-- Opening Marker --

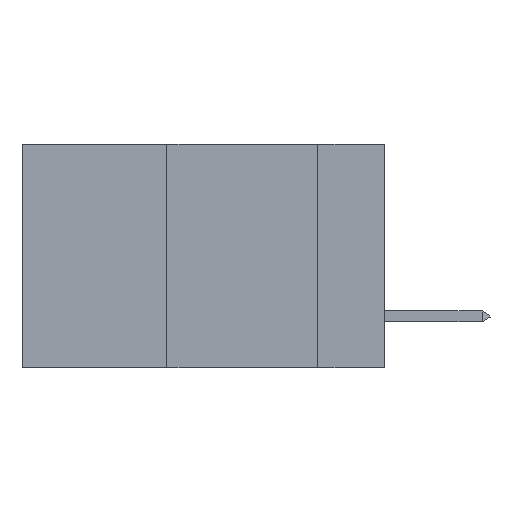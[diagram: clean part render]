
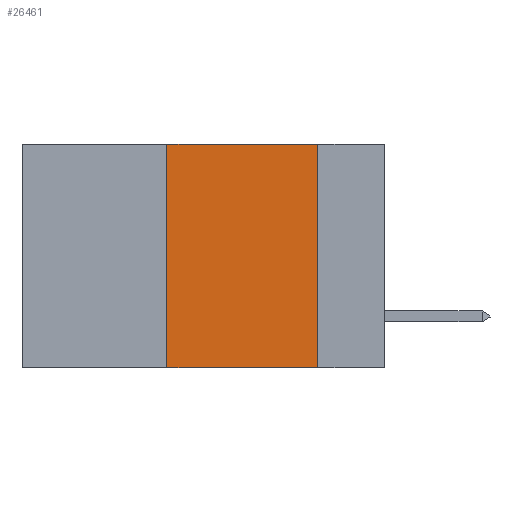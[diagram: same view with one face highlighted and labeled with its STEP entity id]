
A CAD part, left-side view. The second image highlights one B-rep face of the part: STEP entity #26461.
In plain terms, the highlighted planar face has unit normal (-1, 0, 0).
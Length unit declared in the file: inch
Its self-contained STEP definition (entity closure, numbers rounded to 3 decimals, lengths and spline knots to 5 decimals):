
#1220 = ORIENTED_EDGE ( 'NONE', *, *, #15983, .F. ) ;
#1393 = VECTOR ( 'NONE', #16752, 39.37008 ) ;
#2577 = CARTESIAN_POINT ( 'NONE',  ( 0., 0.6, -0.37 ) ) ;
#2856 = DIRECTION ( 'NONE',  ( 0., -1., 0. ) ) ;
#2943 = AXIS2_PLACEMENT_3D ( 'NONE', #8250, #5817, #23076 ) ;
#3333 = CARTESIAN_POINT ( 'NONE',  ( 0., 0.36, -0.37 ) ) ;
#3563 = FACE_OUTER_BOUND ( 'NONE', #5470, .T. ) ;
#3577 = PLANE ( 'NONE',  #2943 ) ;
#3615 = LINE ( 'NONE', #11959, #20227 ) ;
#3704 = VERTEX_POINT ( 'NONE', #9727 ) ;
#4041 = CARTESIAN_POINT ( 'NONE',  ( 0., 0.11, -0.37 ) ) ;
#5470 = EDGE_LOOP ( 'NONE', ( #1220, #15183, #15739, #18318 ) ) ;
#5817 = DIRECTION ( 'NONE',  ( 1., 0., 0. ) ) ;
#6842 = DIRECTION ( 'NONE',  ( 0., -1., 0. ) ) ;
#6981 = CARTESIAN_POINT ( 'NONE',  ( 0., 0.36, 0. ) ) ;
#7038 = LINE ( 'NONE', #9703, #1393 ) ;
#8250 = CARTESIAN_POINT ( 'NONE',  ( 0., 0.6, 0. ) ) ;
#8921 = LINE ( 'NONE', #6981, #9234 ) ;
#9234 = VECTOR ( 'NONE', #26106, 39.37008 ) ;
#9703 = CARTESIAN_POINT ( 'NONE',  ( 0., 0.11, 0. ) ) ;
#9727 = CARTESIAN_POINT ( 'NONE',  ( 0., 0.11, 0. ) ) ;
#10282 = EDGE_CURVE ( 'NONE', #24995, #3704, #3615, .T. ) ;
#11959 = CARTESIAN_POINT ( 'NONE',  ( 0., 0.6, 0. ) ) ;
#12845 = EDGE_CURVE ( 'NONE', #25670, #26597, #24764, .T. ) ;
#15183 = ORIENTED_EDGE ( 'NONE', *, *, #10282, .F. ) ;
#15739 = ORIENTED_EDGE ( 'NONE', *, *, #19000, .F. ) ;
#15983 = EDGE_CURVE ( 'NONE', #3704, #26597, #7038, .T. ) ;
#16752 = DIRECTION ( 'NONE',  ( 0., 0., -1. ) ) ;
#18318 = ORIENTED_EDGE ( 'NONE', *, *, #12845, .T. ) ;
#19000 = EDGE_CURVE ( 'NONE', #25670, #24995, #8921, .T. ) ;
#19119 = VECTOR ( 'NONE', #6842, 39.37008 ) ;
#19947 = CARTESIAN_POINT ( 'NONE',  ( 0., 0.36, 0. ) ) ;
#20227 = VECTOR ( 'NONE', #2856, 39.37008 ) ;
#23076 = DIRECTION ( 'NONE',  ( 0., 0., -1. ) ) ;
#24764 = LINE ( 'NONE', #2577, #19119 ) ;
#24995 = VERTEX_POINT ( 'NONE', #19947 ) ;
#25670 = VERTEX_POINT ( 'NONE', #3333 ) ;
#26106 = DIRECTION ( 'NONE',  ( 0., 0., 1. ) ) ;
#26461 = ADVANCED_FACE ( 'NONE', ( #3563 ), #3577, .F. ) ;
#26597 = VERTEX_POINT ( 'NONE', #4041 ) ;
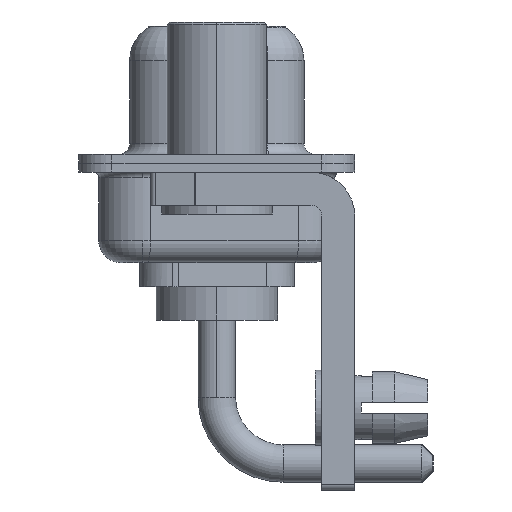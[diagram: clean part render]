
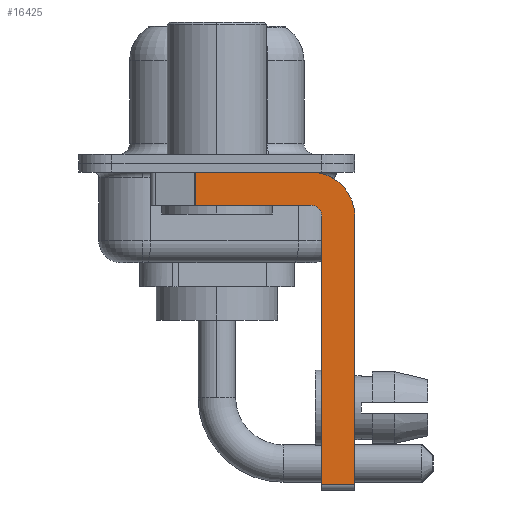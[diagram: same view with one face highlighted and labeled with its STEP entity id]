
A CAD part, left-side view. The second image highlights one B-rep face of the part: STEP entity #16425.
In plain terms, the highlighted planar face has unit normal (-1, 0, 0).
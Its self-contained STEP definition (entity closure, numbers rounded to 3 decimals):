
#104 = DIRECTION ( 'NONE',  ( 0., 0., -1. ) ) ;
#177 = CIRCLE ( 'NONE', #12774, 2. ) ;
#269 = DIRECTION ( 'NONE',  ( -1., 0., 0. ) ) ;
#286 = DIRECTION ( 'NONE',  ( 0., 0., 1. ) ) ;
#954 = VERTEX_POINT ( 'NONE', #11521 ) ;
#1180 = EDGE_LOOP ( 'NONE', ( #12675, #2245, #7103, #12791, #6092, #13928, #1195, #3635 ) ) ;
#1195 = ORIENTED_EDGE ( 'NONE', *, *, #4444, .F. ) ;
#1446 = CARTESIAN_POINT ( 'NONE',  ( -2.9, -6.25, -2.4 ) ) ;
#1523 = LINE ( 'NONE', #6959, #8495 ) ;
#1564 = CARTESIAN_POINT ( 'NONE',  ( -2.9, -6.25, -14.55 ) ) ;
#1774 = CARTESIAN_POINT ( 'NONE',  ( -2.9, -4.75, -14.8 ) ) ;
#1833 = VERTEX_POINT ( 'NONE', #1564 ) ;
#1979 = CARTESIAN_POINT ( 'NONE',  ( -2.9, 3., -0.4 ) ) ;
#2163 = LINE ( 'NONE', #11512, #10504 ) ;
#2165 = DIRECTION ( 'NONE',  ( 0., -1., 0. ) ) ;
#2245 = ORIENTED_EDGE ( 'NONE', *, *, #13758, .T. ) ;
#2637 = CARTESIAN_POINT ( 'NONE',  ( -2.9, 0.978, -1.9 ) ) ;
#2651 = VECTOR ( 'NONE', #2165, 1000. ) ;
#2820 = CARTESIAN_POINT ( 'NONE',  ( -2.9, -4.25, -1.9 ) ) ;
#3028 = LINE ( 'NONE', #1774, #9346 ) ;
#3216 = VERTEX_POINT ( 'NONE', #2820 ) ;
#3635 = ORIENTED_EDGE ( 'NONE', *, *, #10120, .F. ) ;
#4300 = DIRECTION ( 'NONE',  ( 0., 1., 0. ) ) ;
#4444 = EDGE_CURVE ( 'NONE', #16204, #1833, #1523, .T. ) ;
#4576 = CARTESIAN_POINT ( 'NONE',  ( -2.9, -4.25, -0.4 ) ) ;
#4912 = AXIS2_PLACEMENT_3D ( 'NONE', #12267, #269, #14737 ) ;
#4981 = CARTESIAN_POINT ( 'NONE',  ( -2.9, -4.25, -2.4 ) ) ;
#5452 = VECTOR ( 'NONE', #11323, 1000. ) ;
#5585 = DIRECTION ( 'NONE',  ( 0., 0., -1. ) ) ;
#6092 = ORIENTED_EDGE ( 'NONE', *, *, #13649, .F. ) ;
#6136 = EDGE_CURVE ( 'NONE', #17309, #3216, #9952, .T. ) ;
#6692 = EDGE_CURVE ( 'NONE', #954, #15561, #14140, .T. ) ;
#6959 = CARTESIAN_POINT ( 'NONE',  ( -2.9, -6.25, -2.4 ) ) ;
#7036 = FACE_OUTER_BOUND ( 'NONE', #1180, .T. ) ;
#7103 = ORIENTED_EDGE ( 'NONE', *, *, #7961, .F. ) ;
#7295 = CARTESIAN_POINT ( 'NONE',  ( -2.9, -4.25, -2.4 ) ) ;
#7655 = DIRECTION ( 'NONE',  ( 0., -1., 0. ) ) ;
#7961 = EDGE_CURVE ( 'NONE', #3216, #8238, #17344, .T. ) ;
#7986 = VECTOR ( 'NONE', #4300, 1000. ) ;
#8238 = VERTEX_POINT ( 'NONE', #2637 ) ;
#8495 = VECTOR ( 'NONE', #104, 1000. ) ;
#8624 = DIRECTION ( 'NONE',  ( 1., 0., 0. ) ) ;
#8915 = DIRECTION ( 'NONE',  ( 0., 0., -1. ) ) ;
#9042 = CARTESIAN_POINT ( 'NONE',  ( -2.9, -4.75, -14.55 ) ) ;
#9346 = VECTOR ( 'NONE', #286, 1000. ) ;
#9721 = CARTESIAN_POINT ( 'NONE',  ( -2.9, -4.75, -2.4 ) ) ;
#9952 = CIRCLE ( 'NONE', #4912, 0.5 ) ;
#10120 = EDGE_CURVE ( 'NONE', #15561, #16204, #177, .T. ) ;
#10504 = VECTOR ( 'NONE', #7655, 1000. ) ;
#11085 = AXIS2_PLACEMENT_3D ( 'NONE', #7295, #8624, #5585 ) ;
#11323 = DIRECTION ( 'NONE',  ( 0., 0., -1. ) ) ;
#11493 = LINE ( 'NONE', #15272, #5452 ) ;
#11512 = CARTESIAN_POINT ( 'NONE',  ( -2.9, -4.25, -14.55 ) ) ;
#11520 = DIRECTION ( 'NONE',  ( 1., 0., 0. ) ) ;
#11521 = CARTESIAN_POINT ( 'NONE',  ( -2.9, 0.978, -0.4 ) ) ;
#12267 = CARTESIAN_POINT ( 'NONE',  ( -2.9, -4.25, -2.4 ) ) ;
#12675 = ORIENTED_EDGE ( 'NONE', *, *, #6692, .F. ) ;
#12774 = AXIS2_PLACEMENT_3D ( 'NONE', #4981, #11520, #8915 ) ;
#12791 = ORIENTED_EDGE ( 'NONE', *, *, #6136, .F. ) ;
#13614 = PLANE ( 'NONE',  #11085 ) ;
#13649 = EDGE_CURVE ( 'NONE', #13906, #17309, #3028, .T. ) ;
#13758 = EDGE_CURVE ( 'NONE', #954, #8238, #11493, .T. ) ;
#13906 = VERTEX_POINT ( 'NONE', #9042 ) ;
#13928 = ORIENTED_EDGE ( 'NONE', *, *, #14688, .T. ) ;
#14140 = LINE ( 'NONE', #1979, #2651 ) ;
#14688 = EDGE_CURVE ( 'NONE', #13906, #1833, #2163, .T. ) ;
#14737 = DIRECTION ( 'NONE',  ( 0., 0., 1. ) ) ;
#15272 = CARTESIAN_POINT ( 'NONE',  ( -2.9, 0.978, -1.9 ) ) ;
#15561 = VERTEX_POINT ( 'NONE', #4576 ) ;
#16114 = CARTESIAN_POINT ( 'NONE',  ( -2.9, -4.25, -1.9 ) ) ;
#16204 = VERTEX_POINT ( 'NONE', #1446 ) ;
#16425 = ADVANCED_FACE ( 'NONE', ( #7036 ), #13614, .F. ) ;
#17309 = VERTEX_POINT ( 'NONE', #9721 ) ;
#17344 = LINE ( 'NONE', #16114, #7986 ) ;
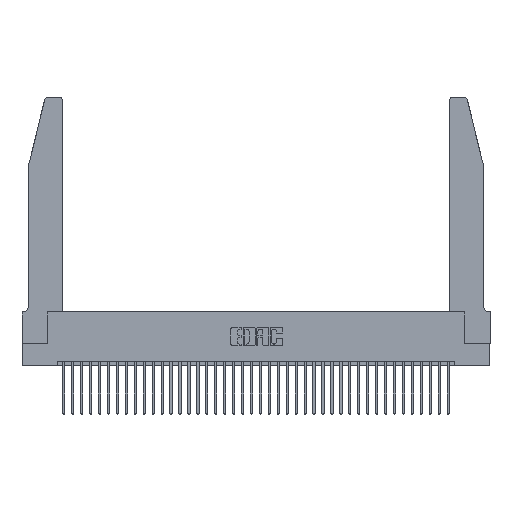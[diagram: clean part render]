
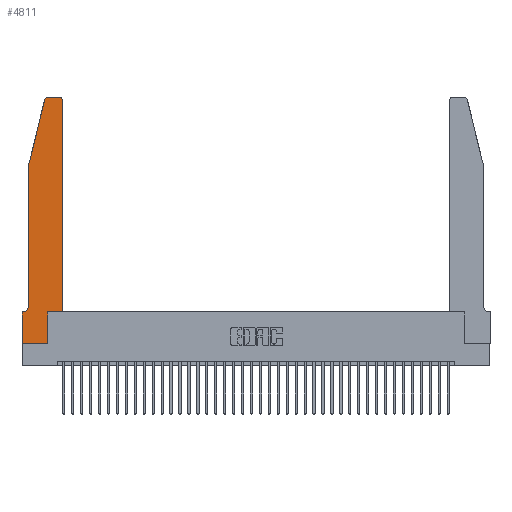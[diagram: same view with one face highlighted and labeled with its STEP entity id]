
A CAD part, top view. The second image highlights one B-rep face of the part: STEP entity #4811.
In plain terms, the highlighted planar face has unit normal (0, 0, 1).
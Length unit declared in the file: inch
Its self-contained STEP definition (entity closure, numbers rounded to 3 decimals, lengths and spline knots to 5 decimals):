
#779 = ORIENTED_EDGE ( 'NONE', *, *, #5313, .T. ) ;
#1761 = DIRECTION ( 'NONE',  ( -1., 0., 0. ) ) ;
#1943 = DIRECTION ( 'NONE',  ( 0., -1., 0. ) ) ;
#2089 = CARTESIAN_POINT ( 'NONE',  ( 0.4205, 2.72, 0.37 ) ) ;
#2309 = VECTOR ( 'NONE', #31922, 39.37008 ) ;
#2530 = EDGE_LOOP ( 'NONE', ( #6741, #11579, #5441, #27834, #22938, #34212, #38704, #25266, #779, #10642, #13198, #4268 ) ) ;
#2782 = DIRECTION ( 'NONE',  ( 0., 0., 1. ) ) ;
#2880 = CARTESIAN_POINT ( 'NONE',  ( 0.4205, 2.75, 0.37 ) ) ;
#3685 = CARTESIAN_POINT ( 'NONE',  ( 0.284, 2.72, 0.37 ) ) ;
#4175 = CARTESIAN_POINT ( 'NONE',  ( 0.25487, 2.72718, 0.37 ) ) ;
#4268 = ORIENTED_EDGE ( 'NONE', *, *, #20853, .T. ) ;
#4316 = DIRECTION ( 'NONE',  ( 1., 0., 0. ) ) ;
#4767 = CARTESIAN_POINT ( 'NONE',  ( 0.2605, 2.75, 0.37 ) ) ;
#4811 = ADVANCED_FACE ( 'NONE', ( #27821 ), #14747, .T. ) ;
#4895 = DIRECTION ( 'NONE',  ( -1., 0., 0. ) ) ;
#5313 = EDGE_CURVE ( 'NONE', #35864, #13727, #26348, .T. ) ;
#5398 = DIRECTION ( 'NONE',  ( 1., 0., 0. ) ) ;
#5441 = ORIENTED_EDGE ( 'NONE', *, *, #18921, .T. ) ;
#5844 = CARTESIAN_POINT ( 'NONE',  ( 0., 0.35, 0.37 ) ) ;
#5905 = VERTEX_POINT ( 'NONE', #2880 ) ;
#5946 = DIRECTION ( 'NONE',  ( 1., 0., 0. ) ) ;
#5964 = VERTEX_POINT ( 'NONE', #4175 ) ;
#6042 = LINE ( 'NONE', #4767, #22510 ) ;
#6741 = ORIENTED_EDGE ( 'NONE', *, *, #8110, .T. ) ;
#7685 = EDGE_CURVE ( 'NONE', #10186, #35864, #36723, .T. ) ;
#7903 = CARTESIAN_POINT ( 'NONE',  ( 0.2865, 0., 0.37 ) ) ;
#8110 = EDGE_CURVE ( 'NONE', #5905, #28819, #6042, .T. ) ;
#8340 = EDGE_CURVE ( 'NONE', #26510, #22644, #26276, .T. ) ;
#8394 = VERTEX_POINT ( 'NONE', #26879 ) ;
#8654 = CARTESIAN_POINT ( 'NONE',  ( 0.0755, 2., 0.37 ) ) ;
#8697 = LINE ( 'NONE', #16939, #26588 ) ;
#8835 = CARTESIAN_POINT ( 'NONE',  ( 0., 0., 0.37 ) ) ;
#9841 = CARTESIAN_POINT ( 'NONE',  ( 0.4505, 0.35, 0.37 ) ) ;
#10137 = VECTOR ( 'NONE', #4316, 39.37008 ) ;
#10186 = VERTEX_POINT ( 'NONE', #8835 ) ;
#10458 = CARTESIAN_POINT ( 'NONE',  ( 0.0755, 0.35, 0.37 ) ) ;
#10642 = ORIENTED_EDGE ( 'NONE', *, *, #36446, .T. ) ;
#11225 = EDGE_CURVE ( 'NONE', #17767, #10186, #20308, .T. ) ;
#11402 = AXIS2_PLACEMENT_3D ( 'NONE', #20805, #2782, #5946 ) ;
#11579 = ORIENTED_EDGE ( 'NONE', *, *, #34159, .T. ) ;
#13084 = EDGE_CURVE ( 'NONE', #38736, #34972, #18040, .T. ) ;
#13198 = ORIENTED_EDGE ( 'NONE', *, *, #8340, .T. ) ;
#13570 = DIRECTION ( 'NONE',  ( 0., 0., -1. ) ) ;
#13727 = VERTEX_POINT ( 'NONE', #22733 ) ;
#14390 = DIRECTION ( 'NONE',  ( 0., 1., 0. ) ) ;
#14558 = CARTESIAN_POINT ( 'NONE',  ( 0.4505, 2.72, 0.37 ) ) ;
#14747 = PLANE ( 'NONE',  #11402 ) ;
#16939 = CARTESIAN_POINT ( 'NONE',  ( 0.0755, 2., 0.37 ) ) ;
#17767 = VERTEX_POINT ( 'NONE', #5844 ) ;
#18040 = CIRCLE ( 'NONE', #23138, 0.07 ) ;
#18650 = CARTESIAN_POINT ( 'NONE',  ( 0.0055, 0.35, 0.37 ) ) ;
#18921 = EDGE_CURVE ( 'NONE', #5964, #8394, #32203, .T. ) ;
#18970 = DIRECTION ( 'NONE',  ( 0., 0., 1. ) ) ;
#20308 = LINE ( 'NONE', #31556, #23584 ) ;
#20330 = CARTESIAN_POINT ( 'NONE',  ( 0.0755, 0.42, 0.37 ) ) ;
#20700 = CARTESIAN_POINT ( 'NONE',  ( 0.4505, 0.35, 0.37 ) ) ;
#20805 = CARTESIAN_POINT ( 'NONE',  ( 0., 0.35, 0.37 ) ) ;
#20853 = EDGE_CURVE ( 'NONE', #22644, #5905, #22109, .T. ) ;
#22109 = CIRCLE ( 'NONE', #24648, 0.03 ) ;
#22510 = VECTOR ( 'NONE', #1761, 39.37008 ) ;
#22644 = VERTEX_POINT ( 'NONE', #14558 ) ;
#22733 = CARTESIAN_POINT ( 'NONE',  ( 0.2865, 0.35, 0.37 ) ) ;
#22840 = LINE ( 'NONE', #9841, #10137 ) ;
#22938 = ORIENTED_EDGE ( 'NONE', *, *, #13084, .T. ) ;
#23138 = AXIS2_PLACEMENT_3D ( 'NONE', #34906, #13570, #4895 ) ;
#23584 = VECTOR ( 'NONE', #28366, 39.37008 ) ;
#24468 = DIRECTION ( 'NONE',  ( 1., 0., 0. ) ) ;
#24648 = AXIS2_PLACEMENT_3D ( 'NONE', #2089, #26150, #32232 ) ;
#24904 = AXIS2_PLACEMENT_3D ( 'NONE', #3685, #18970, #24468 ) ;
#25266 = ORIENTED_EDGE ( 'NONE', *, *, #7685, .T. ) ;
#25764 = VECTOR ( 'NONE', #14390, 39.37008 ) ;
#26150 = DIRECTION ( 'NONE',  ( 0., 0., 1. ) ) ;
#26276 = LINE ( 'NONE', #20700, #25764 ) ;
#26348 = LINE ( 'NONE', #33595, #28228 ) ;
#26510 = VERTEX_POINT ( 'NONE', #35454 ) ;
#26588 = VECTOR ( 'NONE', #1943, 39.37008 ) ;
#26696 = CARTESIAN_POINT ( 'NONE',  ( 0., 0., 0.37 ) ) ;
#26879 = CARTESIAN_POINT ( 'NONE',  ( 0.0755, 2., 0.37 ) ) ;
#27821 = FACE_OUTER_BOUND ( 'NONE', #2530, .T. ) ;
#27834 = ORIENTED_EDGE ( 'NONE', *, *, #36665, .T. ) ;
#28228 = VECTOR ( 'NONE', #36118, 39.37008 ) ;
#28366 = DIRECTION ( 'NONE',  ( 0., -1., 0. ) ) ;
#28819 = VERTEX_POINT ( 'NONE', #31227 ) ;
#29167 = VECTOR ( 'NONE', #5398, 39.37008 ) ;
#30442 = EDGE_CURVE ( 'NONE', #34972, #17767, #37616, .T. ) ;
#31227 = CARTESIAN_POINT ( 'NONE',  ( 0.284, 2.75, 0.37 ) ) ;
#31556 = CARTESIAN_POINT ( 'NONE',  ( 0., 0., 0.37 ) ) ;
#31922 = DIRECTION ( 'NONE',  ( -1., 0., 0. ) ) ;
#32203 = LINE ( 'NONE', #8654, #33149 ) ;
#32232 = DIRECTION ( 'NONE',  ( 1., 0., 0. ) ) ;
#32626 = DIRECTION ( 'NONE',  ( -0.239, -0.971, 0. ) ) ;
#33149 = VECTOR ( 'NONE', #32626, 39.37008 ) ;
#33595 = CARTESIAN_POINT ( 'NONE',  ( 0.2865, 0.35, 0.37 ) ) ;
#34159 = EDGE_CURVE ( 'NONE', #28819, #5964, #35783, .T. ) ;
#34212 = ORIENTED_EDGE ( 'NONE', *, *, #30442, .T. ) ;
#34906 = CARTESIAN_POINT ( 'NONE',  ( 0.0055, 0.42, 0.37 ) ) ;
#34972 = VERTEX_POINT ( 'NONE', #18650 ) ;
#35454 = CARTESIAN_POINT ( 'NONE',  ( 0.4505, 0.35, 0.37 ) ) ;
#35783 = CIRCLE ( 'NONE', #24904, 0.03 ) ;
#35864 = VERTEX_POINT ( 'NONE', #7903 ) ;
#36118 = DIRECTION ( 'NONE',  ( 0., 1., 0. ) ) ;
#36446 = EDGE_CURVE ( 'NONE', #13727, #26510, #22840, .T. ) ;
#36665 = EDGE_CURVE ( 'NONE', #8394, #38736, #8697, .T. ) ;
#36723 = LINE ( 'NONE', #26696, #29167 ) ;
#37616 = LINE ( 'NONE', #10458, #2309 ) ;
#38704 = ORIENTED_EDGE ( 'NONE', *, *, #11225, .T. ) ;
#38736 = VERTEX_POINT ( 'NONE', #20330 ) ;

-- Closing Marker --

→ Task instructions:
Retype, in the same exact form, the lines of the material above from the line holding "#22510 = VECTOR ( 'NONE', #1761, 39.37008 ) ;" through the line holding "#33149 = VECTOR".

→ Result of the exercise:
#22510 = VECTOR ( 'NONE', #1761, 39.37008 ) ;
#22644 = VERTEX_POINT ( 'NONE', #14558 ) ;
#22733 = CARTESIAN_POINT ( 'NONE',  ( 0.2865, 0.35, 0.37 ) ) ;
#22840 = LINE ( 'NONE', #9841, #10137 ) ;
#22938 = ORIENTED_EDGE ( 'NONE', *, *, #13084, .T. ) ;
#23138 = AXIS2_PLACEMENT_3D ( 'NONE', #34906, #13570, #4895 ) ;
#23584 = VECTOR ( 'NONE', #28366, 39.37008 ) ;
#24468 = DIRECTION ( 'NONE',  ( 1., 0., 0. ) ) ;
#24648 = AXIS2_PLACEMENT_3D ( 'NONE', #2089, #26150, #32232 ) ;
#24904 = AXIS2_PLACEMENT_3D ( 'NONE', #3685, #18970, #24468 ) ;
#25266 = ORIENTED_EDGE ( 'NONE', *, *, #7685, .T. ) ;
#25764 = VECTOR ( 'NONE', #14390, 39.37008 ) ;
#26150 = DIRECTION ( 'NONE',  ( 0., 0., 1. ) ) ;
#26276 = LINE ( 'NONE', #20700, #25764 ) ;
#26348 = LINE ( 'NONE', #33595, #28228 ) ;
#26510 = VERTEX_POINT ( 'NONE', #35454 ) ;
#26588 = VECTOR ( 'NONE', #1943, 39.37008 ) ;
#26696 = CARTESIAN_POINT ( 'NONE',  ( 0., 0., 0.37 ) ) ;
#26879 = CARTESIAN_POINT ( 'NONE',  ( 0.0755, 2., 0.37 ) ) ;
#27821 = FACE_OUTER_BOUND ( 'NONE', #2530, .T. ) ;
#27834 = ORIENTED_EDGE ( 'NONE', *, *, #36665, .T. ) ;
#28228 = VECTOR ( 'NONE', #36118, 39.37008 ) ;
#28366 = DIRECTION ( 'NONE',  ( 0., -1., 0. ) ) ;
#28819 = VERTEX_POINT ( 'NONE', #31227 ) ;
#29167 = VECTOR ( 'NONE', #5398, 39.37008 ) ;
#30442 = EDGE_CURVE ( 'NONE', #34972, #17767, #37616, .T. ) ;
#31227 = CARTESIAN_POINT ( 'NONE',  ( 0.284, 2.75, 0.37 ) ) ;
#31556 = CARTESIAN_POINT ( 'NONE',  ( 0., 0., 0.37 ) ) ;
#31922 = DIRECTION ( 'NONE',  ( -1., 0., 0. ) ) ;
#32203 = LINE ( 'NONE', #8654, #33149 ) ;
#32232 = DIRECTION ( 'NONE',  ( 1., 0., 0. ) ) ;
#32626 = DIRECTION ( 'NONE',  ( -0.239, -0.971, 0. ) ) ;
#33149 = VECTOR ( 'NONE', #32626, 39.37008 ) ;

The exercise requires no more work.